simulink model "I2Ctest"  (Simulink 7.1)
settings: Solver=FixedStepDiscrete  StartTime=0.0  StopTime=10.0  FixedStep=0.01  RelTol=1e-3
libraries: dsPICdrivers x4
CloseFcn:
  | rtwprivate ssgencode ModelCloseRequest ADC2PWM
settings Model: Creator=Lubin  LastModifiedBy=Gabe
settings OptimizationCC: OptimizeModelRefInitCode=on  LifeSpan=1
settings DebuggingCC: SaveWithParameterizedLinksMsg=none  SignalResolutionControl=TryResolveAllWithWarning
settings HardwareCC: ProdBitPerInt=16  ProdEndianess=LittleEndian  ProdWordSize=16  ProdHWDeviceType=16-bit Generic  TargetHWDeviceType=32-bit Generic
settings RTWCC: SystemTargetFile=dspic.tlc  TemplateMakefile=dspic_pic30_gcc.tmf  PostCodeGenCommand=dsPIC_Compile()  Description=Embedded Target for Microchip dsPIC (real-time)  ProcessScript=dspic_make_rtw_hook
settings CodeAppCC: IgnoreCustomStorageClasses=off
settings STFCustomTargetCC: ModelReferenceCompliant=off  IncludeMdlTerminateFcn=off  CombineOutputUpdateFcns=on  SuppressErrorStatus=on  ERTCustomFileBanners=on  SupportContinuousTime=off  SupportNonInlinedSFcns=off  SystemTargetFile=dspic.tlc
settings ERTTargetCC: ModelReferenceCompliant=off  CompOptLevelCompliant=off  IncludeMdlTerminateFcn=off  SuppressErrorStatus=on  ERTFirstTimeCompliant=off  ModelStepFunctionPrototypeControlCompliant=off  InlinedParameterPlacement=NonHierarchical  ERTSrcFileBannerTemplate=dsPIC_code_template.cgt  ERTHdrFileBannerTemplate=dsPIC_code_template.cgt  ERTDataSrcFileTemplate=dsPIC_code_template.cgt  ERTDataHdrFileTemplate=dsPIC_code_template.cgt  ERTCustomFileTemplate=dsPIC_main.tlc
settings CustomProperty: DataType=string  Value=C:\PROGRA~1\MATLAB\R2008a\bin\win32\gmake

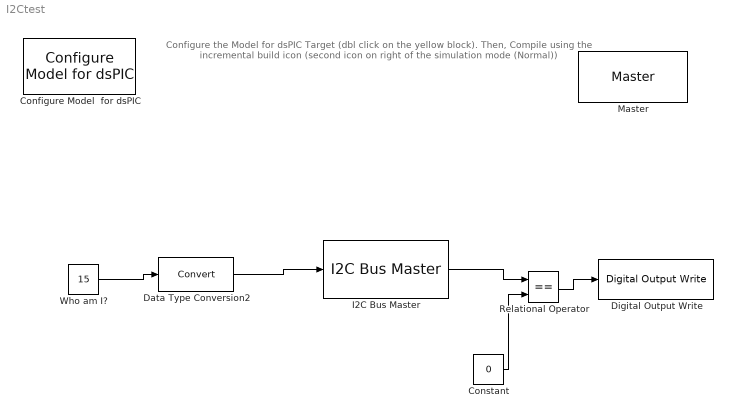
== system I2Ctest ==
  note: Configure the Model for dsPIC Target (dbl click on the yellow block).
      | Then, Compile using the incremental build icon
      | (second icon on right of the simulation mode (Normal))
  Configure Model  for dsPIC : dsPICdrivers/Simulink Configuration/Configure Model  for dsPIC
  Constant : Constant  Value=0  OutDataType=sfix(16)  OutScaling=2^0
  Data Type Conversion2 : DataTypeConversion  OutDataType=sfix(16)  OutScaling=2^0
  Digital Output Write : dsPICdrivers/Digital I//O/Digital Output Write  Tag=dsPIC_Digital_Output  Priority=5  PORT=B  Pin=[0]  Simultaneous=off  OrderingInOutPopup=None
  I2C Bus Master : dsPICdrivers/BUS I2C/I2C Bus Master  Tag=dsPIC_I2C_Master  NumI2C=1  Sequence='S A058 W Sr A059 Rnack P'  InitializeOnceOnly=When PIC is initialized (only once)  Enable=off  WaitAfterEnable=1  Disable=off  AdressNbrBits=7 bits  I2CBusFreq=227  SlewRate=off  SMBUSThreshold=off  OutputErrorFlag=off  SampleTime=-1  OrderingInOutPopup=None  Info=Fscl = 31.4108 KHz
  Master : dsPICdrivers/Master  Tag=dsPIC_MASTER  Priority=1  TimeStepType=Timer1  picType=30f3012  fcy=7.37e6  Quartz_33f=5e6  PLLActive_33f=off  fcyDesired_33f=0  tmr1="[8  9212  -0.0054274]"  tmr1Info="Time Step : 0.010001  ;   Error : -0.0054274%  PR1=9212"  tmr2345="[0  0]"  tmr2345cfg=[-1 -1]  IOautoConf=on  typePort="[ 0   0   0   0   0   0   0   0   0   0   0   0   0   0   0   0  10   0   0   0  20  20   0   0   0   0   0   0   0   0   0   0   0   0   0   0   0   0   0   0   0   0   0   0   0   0   0   0   0   0   0   0   0   0   0   0   0   0   0   0   0   0   0   0   0   0   0   0   0   0   0   0   0   0   0   0   0   0   0   0   0   0   0   0   0   0   0   0   0   0   0   0   0   0   0   0   0   0   0   0   0   0   0   0   0   0   0   0   0   0   0   0 ]"  TRIS="[ 65535  65534  65535  65535  65535  65535  65535 ]"  ADPCFG=1  MasterBusyPort=None  MasterOverloadPort=None  FOSC=FRC_PLL4  ClockSwitchMonitor=Both disabled  TempProtection_33f=TEMP_ON  FPBOR=PBOR_OFF  PWRT=PWRT_OFF  MCLR=MCLR_DIS  PowerSave=off  OverrideFcy=off  NewFcy=1e6
  Relational Operator : RelationalOperator  Operator===  LogicOutDataTypeMode=boolean  OutDataTypeStr=boolean
  Who am I? : Constant  Value=15  OutDataType=sfix(16)  OutScaling=2^0
  wires:
  Who am I?/1 -> Data Type Conversion2/1
  Data Type Conversion2/1 -> I2C Bus Master/1
  I2C Bus Master/1 -> Relational Operator/1
  Relational Operator/1 -> Digital Output Write/1
  Constant/1 -> Relational Operator/2

········

▶ [WHAT YOU NEED TO DO] In the listing above, find the line containing "settings DebuggingCC: SaveWithParameterizedLinksMsg=none" and the line containing "settings CodeAppCC: IgnoreCustomStorageClasses=off", then retype both and every line between them exactly, with nothing else.

▶ [RESPONSE BELOW]
settings DebuggingCC: SaveWithParameterizedLinksMsg=none  SignalResolutionControl=TryResolveAllWithWarning
settings HardwareCC: ProdBitPerInt=16  ProdEndianess=LittleEndian  ProdWordSize=16  ProdHWDeviceType=16-bit Generic  TargetHWDeviceType=32-bit Generic
settings RTWCC: SystemTargetFile=dspic.tlc  TemplateMakefile=dspic_pic30_gcc.tmf  PostCodeGenCommand=dsPIC_Compile()  Description=Embedded Target for Microchip dsPIC (real-time)  ProcessScript=dspic_make_rtw_hook
settings CodeAppCC: IgnoreCustomStorageClasses=off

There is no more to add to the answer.